The Sequencing for Detection in Congenital Heart Disease (SD-CHD) Study

Description

Many genetic causes of CHD are missed by standard microarray and karyotype. Whole genome sequencing (WGS) and other specialized technologies for genetic and epigenetic diagnosis such as long-read sequencing, digital droplet PCR, RNA sequencing, and methylation analysis will identify additional causes of CHD but these technologies have not been systematically offered to patients prenatally.

Precision fetal diagnosis has expanded from diagnosis of aneuploidy on karyotype to copy number variants detected on microarray (such as 22q11 deletion syndrome) to gene sequencing through gene panels and exome sequencing (ES). Overall, prenatal ES in the setting of an ultrasound anomaly has had diagnostic yields of 8.5% and 10% in fetuses with normal microarray and karyotype. Anomaly-specific cohorts have noted diagnostic rates of up to 29% in nonimmune hydrops, an etiology with genetic heterogeneity and overlap with CHD. Uptake in ES in prenatal diagnosis has been limited by patient access due to cost, the time needed for testing, provider comfort with the broad nature of ES, and potential variants of uncertain significance and secondary findings.

The quality and accuracy of the data from genomic sequencing is directly related to quality and accuracy of information that goes into the bioinformatic analysis. One small study noted that when prenatal ES cases were reanalyzed postnatal or after autopsy results were available, an additional 20% of cases reached a diagnostic result due to the increased phenotypic information. The influence of phenotype on diagnostic yield of genomic sequencing for specific anomalies is unclear.
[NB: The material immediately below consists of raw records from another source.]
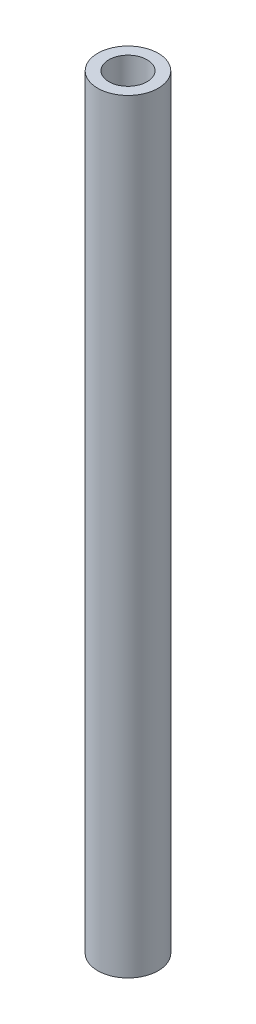
ISO-10303-21;
HEADER;
FILE_DESCRIPTION(('STEP AP214'),'2;1');
FILE_NAME('part.step','',(''),(''),'','','');
FILE_SCHEMA(('AUTOMOTIVE_DESIGN { 1 0 10303 214 1 1 1 1 }'));
ENDSEC;
DATA;
#1=APPLICATION_CONTEXT('core data for automotive mechanical design processes');
#2=APPLICATION_PROTOCOL_DEFINITION('international standard','automotive_design',2000,#1);
#3=PRODUCT_CONTEXT('',#1,'mechanical');
#4=PRODUCT('Part','Part','',(#3));
#5=PRODUCT_RELATED_PRODUCT_CATEGORY('part','',(#4));
#6=PRODUCT_DEFINITION_FORMATION('','',#4);
#7=PRODUCT_DEFINITION_CONTEXT('part definition',#1,'design');
#8=PRODUCT_DEFINITION('design','',#6,#7);
#9=PRODUCT_DEFINITION_SHAPE('','',#8);
#10=(LENGTH_UNIT() NAMED_UNIT(*) SI_UNIT(.MILLI.,.METRE.));
#11=(NAMED_UNIT(*) PLANE_ANGLE_UNIT() SI_UNIT($,.RADIAN.));
#12=(NAMED_UNIT(*) SI_UNIT($,.STERADIAN.) SOLID_ANGLE_UNIT());
#13=UNCERTAINTY_MEASURE_WITH_UNIT(LENGTH_MEASURE(1.E-05),#10,'distance_accuracy_value','');
#14=(GEOMETRIC_REPRESENTATION_CONTEXT(3) GLOBAL_UNCERTAINTY_ASSIGNED_CONTEXT((#13)) GLOBAL_UNIT_ASSIGNED_CONTEXT((#10,
#11,#12)) REPRESENTATION_CONTEXT('',''));
#15=CARTESIAN_POINT('',(0.,0.,0.));
#16=DIRECTION('',(0.,0.,1.));
#17=DIRECTION('',(1.,0.,0.));
#18=AXIS2_PLACEMENT_3D('',#15,#16,#17);
#19=CARTESIAN_POINT('',(0.,40.,0.));
#20=DIRECTION('',(0.,1.,0.));
#21=DIRECTION('',(0.,0.,1.));
#22=AXIS2_PLACEMENT_3D('',#19,#20,#21);
#23=PLANE('',#22);
#24=CARTESIAN_POINT('',(0.,40.,0.));
#25=DIRECTION('',(0.,1.,0.));
#26=DIRECTION('',(0.,0.,1.));
#27=AXIS2_PLACEMENT_3D('',#24,#25,#26);
#28=CIRCLE('',#27,1.585);
#29=CARTESIAN_POINT('',(0.,40.,1.585));
#30=VERTEX_POINT('',#29);
#31=EDGE_CURVE('E10',#30,#30,#28,.T.);
#32=ORIENTED_EDGE('',*,*,#31,.T.);
#33=EDGE_LOOP('',(#32));
#34=FACE_BOUND('',#33,.T.);
#35=CARTESIAN_POINT('',(0.,40.,0.));
#36=DIRECTION('',(0.,1.,0.));
#37=DIRECTION('',(0.,0.,1.));
#38=AXIS2_PLACEMENT_3D('',#35,#36,#37);
#39=CIRCLE('',#38,1.);
#40=CARTESIAN_POINT('',(0.,40.,1.));
#41=VERTEX_POINT('',#40);
#42=EDGE_CURVE('E46',#41,#41,#39,.T.);
#43=ORIENTED_EDGE('',*,*,#42,.F.);
#44=EDGE_LOOP('',(#43));
#45=FACE_BOUND('',#44,.T.);
#46=ADVANCED_FACE('F35',(#34,#45),#23,.T.);
#47=CARTESIAN_POINT('',(0.,0.,0.));
#48=DIRECTION('',(0.,1.,0.));
#49=DIRECTION('',(0.,0.,1.));
#50=AXIS2_PLACEMENT_3D('',#47,#48,#49);
#51=PLANE('',#50);
#52=CARTESIAN_POINT('',(0.,0.,0.));
#53=DIRECTION('',(0.,1.,0.));
#54=DIRECTION('',(0.,0.,1.));
#55=AXIS2_PLACEMENT_3D('',#52,#53,#54);
#56=CIRCLE('',#55,1.585);
#57=CARTESIAN_POINT('',(0.,0.,1.585));
#58=VERTEX_POINT('',#57);
#59=EDGE_CURVE('E39',#58,#58,#56,.T.);
#60=ORIENTED_EDGE('',*,*,#59,.F.);
#61=EDGE_LOOP('',(#60));
#62=FACE_BOUND('',#61,.T.);
#63=CARTESIAN_POINT('',(0.,0.,0.));
#64=DIRECTION('',(0.,1.,0.));
#65=DIRECTION('',(0.,0.,1.));
#66=AXIS2_PLACEMENT_3D('',#63,#64,#65);
#67=CIRCLE('',#66,1.);
#68=CARTESIAN_POINT('',(0.,0.,1.));
#69=VERTEX_POINT('',#68);
#70=EDGE_CURVE('E48',#69,#69,#67,.T.);
#71=ORIENTED_EDGE('',*,*,#70,.T.);
#72=EDGE_LOOP('',(#71));
#73=FACE_BOUND('',#72,.T.);
#74=ADVANCED_FACE('F58',(#62,#73),#51,.F.);
#75=CARTESIAN_POINT('',(0.,40.,0.));
#76=DIRECTION('',(0.,-1.,0.));
#77=DIRECTION('',(0.,0.,-1.));
#78=AXIS2_PLACEMENT_3D('',#75,#76,#77);
#79=CYLINDRICAL_SURFACE('',#78,1.585);
#80=ORIENTED_EDGE('',*,*,#31,.F.);
#81=EDGE_LOOP('',(#80));
#82=FACE_BOUND('',#81,.T.);
#83=ORIENTED_EDGE('',*,*,#59,.T.);
#84=EDGE_LOOP('',(#83));
#85=FACE_BOUND('',#84,.T.);
#86=ADVANCED_FACE('F37',(#82,#85),#79,.T.);
#87=CARTESIAN_POINT('',(0.,40.,0.));
#88=DIRECTION('',(0.,-1.,0.));
#89=DIRECTION('',(0.,0.,-1.));
#90=AXIS2_PLACEMENT_3D('',#87,#88,#89);
#91=CYLINDRICAL_SURFACE('',#90,1.);
#92=ORIENTED_EDGE('',*,*,#42,.T.);
#93=EDGE_LOOP('',(#92));
#94=FACE_BOUND('',#93,.T.);
#95=ORIENTED_EDGE('',*,*,#70,.F.);
#96=EDGE_LOOP('',(#95));
#97=FACE_BOUND('',#96,.T.);
#98=ADVANCED_FACE('F54',(#94,#97),#91,.F.);
#99=CLOSED_SHELL('',(#46,#74,#86,#98));
#100=MANIFOLD_SOLID_BREP('B2',#99);
#101=ADVANCED_BREP_SHAPE_REPRESENTATION('',(#18,#100),#14);
#102=SHAPE_DEFINITION_REPRESENTATION(#9,#101);
ENDSEC;
END-ISO-10303-21;

The importance of viewing the fetal and neonatal period as a continuum of care is increasingly recognized. Prenatal detection of critical CHD has the opportunity to help a family to optimize neonatal survival and learning of the other health challenges, or lack thereof, may have a large influence on parental preparedness. This may influence their levels of stress, and clinical management decisions such as what consultants to meet with prenatally, which center to choose for delivery, and potentially even what therapeutics to consider in the first months and years of life. A prior pediatric cohort of patients with hypertrophic cardiomyopathy (HCM) noted that among those with a new molecular diagnosis, 73% of individuals had a pathogenic variant identified in a gene with established clinical management recommendations, 36% were in syndromic HCM genes, and 2.9% were in genes with an eligible clinical trial.

Specific aims:

1. Perform whole genome sequencing (WGS) on fetuses with prenatally detected congenital heart disease (CHD) who meet inclusion criteria. Assess diagnostic yield of WGS in CHD and effect of prenatal versus postnatal phenotype on diagnostic yield.
2. Improve bioinformatic filtering and prenatal phenotyping for phenotype-causing gene identification through the use of detailed ultrasonographic examinations, magnetic resonance imaging, autopsy or pathology findings, and biochemical or proteomic profiling results when available.
3. Evaluate WGS utility on pregnancy and neonatal care including choice of delivery location, antenatal consultation with subspecialist providers, and postnatal interventions and consultation with subspecialist providers.

Through these aims, the study team will expand scientific understanding of genetic diagnosis in fetuses with CHD and will evaluate the impact on families anxiety, depression, and assess the clinical utility of this information. This information will allow for patient-centered approaches to implementing new technologies while improving the health outcomes and allowing for future disease-specific tailored care in the most common structural malformation identified on prenatal ultrasound.